Keep every line in which "Drawn" occurs and drop the rest of the data.

───

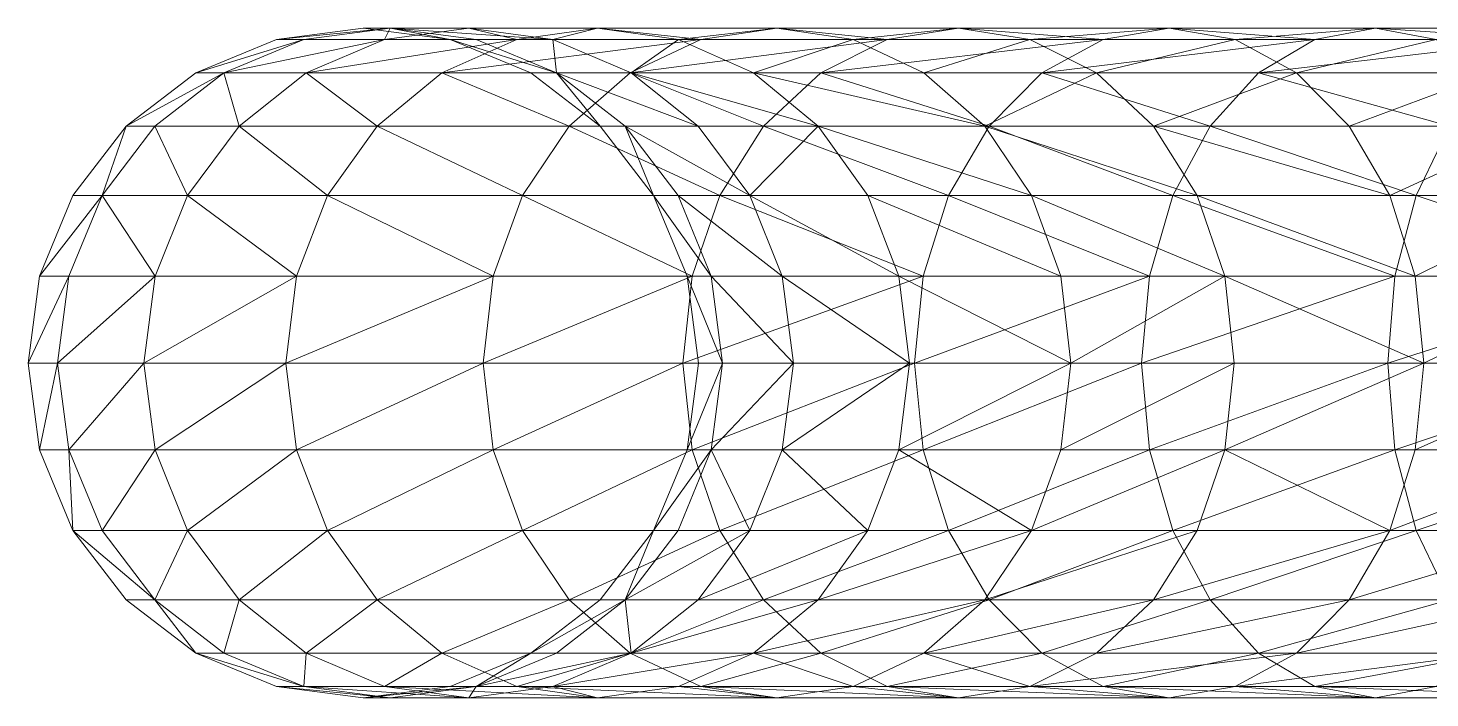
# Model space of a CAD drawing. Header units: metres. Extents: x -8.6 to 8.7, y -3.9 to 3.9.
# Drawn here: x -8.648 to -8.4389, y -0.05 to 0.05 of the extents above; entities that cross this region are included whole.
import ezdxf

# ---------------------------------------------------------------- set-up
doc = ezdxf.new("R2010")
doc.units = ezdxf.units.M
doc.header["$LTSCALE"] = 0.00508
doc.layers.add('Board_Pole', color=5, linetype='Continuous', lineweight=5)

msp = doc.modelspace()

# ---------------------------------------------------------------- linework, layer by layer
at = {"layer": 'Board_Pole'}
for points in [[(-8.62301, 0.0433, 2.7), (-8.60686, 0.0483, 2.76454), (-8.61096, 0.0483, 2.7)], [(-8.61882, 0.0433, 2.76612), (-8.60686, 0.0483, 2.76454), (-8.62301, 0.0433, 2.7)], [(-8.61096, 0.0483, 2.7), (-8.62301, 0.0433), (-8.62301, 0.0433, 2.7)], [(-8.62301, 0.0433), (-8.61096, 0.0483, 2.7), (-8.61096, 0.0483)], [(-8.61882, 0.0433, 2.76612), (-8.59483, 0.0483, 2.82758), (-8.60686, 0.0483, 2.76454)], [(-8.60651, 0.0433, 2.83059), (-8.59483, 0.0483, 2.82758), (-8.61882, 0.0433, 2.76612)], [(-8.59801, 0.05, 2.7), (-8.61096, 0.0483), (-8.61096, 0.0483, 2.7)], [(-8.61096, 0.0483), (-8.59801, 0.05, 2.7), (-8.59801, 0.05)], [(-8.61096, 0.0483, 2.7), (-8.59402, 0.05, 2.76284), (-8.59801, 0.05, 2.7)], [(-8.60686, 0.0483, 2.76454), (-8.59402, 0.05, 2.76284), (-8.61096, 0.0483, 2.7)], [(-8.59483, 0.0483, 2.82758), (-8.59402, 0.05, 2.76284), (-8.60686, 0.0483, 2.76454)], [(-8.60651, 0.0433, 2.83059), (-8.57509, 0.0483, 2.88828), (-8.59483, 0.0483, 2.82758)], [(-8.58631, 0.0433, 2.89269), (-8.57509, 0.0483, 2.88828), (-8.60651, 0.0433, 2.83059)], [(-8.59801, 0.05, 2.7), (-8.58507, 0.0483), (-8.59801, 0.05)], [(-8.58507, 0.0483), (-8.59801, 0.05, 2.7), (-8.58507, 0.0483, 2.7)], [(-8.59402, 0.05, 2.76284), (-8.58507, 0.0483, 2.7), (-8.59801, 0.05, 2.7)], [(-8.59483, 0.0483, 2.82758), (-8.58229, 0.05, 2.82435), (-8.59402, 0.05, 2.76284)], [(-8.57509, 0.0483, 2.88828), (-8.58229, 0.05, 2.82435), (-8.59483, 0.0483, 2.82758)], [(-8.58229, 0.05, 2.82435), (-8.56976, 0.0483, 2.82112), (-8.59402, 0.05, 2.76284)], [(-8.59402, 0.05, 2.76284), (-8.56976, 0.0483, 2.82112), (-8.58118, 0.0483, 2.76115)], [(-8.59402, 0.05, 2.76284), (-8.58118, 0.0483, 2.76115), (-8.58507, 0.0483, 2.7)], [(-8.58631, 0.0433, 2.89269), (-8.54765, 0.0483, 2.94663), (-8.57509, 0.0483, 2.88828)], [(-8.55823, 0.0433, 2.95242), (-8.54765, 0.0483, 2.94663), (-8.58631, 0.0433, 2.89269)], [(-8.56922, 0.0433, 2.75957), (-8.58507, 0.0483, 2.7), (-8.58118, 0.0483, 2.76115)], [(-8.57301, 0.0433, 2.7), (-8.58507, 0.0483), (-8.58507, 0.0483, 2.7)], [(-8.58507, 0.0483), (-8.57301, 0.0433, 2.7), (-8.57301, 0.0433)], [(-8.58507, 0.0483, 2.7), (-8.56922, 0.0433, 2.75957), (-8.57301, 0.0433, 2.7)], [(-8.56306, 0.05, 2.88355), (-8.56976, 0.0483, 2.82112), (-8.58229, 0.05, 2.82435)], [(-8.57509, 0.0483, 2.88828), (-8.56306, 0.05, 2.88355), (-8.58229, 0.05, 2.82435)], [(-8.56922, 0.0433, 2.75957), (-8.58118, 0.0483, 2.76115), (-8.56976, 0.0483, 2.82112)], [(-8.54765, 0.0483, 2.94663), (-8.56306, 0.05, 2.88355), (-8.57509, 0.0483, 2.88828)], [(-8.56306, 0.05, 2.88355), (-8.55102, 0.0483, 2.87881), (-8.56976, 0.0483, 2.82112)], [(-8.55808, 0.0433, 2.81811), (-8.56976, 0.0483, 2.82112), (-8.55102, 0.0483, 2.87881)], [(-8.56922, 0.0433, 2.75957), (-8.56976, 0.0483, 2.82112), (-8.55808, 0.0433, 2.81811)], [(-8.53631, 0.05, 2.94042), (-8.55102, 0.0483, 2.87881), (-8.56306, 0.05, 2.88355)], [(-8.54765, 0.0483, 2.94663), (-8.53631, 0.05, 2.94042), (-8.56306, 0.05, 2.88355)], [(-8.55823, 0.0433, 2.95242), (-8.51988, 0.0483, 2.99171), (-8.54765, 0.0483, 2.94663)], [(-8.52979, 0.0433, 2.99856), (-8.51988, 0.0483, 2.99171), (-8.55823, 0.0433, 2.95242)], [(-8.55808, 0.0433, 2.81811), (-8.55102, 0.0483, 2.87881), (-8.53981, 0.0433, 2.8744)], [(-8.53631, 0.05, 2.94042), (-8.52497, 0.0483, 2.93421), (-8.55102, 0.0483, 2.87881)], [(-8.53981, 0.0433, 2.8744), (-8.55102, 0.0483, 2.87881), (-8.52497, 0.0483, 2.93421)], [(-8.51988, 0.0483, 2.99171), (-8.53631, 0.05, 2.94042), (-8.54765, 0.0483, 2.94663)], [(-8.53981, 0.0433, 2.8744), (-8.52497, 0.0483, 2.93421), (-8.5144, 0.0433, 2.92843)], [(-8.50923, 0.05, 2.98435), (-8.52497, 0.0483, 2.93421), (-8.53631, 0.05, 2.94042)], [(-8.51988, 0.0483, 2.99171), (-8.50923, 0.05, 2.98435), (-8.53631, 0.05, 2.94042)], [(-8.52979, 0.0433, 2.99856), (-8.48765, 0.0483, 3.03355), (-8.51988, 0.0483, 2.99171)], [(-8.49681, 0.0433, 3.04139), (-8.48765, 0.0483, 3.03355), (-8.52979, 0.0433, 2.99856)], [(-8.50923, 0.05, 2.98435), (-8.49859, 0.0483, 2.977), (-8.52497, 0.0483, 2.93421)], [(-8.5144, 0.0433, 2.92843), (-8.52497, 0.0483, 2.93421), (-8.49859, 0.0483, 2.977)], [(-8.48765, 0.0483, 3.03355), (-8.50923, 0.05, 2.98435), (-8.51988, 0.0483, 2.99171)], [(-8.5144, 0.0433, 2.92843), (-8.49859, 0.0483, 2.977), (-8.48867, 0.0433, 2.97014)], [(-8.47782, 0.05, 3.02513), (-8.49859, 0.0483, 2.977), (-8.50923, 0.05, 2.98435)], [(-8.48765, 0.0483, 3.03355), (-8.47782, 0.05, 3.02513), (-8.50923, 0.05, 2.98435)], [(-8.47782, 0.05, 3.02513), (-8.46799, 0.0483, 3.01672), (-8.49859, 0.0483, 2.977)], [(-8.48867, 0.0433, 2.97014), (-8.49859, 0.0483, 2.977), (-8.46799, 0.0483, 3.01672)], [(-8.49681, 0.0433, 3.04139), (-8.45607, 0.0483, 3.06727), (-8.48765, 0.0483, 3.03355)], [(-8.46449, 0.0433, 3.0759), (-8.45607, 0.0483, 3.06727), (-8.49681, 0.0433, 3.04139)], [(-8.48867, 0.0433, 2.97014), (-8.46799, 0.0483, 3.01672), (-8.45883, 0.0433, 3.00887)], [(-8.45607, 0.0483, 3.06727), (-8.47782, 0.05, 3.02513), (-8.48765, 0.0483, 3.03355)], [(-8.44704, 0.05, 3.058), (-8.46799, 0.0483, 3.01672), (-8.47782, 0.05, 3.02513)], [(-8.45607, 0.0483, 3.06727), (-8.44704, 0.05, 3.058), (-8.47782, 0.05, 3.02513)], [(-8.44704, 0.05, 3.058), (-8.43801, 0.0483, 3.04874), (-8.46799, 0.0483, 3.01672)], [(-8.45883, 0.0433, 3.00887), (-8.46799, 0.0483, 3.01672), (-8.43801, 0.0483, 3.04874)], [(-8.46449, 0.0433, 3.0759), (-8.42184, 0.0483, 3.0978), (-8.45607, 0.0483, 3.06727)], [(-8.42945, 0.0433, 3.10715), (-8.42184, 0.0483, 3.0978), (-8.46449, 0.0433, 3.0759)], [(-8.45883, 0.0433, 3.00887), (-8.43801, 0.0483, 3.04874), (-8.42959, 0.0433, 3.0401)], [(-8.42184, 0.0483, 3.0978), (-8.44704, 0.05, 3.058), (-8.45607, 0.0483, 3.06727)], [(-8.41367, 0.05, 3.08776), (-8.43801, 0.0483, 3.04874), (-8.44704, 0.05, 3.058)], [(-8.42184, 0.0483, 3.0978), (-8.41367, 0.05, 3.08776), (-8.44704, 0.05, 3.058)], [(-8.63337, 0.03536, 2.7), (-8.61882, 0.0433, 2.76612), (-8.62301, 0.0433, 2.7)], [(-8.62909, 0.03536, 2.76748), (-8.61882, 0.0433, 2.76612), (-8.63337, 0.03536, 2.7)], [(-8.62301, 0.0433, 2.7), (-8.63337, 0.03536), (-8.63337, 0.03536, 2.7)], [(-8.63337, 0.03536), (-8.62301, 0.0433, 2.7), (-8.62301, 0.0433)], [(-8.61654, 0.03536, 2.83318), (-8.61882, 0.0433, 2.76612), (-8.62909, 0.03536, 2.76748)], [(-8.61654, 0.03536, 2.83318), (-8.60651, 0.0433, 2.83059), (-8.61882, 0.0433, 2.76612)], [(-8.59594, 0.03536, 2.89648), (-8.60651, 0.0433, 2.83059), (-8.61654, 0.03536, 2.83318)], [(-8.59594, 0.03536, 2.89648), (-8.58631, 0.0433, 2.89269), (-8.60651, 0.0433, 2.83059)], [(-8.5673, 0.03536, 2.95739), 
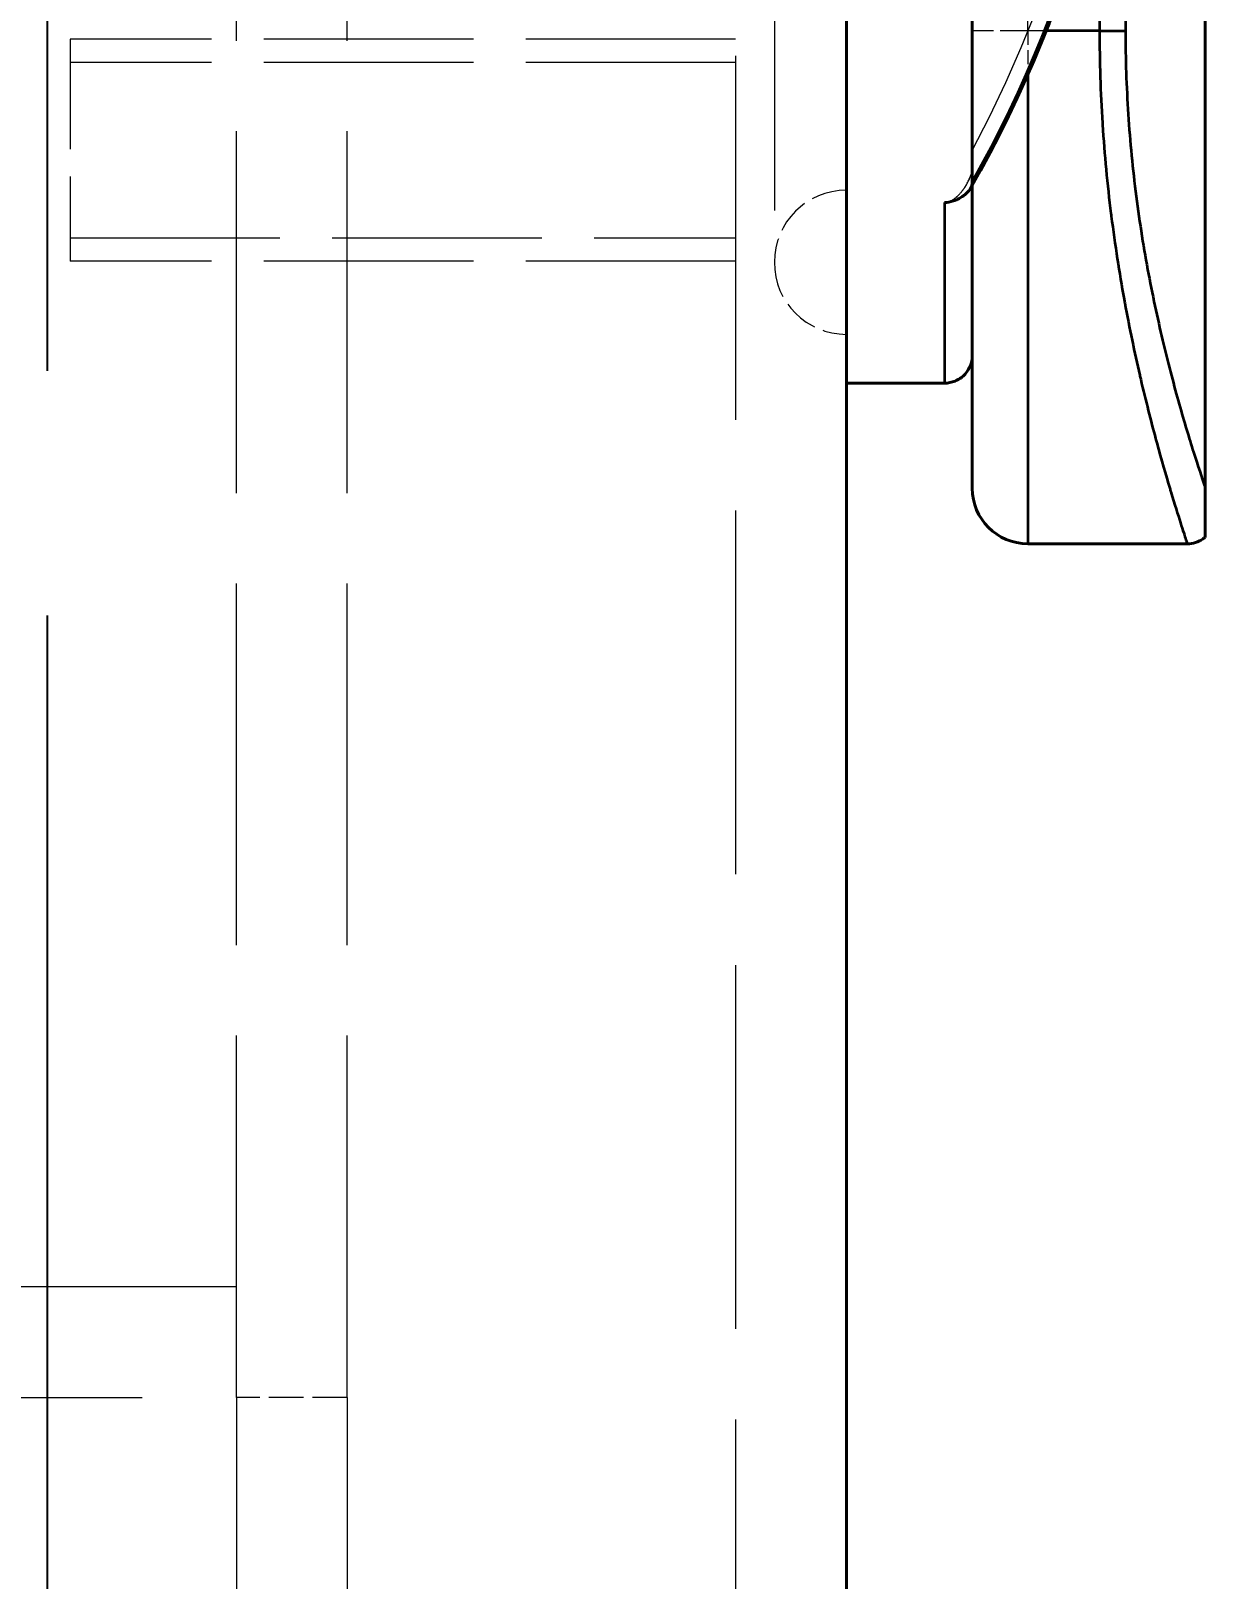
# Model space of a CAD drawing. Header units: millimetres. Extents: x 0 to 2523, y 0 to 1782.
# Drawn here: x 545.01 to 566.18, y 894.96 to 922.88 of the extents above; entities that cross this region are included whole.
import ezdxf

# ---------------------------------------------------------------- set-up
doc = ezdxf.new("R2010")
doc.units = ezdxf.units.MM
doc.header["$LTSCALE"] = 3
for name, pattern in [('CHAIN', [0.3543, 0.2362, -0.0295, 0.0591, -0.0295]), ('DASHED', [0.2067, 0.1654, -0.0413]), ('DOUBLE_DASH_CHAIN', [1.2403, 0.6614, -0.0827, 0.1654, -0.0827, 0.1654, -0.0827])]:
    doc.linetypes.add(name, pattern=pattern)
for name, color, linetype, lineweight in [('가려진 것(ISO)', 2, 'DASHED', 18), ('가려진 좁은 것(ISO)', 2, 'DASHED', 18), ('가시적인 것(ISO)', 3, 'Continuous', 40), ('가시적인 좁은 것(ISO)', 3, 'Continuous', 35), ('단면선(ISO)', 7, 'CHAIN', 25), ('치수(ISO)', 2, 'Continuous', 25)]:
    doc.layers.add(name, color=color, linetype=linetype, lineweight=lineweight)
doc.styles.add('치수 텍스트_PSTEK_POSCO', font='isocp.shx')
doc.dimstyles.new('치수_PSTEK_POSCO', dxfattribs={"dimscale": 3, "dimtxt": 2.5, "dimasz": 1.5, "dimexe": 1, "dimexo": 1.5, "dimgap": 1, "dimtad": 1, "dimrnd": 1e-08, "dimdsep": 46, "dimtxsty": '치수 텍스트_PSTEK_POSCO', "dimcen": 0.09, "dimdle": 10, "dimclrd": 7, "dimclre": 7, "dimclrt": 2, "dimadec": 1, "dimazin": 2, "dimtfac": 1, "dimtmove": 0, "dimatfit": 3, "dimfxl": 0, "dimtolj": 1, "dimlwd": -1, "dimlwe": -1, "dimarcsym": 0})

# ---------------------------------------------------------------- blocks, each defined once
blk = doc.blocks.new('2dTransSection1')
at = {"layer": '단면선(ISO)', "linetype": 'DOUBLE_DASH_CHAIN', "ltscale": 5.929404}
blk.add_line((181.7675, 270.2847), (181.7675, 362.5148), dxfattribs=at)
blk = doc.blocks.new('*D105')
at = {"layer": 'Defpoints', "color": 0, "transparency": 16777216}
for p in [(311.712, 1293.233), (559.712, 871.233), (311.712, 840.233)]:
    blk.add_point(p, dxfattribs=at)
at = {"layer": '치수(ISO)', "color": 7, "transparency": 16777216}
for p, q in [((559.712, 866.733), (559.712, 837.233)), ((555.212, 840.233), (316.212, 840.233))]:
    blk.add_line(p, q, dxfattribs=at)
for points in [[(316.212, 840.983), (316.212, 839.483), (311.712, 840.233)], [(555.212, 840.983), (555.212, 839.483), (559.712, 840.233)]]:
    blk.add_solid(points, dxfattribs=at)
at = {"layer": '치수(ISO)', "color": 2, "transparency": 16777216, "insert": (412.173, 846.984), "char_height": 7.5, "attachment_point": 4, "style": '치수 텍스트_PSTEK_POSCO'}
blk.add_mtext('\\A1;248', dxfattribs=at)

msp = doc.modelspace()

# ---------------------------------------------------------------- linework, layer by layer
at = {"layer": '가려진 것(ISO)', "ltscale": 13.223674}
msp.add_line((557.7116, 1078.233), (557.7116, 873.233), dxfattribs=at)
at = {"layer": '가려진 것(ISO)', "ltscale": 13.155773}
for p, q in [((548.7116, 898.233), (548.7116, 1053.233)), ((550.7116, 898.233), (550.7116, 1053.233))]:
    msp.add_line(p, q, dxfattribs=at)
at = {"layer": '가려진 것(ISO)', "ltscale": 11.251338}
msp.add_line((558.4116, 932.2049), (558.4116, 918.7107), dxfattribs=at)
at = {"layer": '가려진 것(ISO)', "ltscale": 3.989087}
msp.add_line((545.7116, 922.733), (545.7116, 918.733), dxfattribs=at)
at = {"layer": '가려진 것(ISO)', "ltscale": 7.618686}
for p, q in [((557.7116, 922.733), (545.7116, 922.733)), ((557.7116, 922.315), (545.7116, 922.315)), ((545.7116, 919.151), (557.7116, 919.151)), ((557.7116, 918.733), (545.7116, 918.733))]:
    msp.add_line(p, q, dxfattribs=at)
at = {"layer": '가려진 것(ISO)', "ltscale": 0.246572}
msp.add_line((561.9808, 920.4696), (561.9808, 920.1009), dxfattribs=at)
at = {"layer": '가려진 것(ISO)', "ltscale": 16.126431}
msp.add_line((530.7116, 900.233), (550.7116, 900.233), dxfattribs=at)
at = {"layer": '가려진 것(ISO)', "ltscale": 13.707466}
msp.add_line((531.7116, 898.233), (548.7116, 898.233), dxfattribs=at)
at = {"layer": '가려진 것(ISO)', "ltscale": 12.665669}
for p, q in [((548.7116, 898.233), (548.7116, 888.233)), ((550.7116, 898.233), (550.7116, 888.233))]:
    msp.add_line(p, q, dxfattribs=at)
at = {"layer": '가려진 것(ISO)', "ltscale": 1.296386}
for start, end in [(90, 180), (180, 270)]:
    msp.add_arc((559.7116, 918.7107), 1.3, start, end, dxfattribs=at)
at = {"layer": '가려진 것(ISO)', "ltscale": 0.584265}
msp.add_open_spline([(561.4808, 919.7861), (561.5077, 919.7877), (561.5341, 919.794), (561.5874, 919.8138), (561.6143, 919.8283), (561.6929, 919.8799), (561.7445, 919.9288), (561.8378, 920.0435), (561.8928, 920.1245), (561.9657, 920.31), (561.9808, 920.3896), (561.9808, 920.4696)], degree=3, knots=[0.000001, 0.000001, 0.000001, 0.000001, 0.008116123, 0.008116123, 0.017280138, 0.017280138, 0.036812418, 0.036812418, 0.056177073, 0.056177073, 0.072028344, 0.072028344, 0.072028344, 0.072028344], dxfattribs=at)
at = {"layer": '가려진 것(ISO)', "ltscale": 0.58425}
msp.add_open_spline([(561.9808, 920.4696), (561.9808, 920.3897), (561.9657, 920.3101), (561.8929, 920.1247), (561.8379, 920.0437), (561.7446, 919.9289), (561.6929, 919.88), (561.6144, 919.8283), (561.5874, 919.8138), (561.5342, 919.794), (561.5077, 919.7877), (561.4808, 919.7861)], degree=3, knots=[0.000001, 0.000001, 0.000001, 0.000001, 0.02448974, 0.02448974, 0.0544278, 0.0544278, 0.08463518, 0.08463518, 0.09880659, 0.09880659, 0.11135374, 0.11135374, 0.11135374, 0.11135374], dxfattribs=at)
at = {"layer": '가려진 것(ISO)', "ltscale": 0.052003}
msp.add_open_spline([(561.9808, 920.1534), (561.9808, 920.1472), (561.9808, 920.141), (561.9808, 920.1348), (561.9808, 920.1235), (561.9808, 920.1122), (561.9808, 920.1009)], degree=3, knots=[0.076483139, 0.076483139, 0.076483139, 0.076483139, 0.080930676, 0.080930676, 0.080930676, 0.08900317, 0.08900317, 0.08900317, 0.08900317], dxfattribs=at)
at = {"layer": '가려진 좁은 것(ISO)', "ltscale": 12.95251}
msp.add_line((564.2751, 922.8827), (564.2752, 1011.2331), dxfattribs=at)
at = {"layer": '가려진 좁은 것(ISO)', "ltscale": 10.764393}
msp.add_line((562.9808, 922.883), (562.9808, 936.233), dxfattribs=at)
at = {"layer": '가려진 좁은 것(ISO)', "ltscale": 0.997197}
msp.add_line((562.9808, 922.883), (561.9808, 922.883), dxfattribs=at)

───

- **Result of this task**
# Drawn here: x -8.648 to -8.4389, y -0.05 to 0.05 of the extents above; entities that cross this region are included whole.
# Drawn here: x 545.01 to 566.18, y 894.96 to 922.88 of the extents above; entities that cross this region are included whole.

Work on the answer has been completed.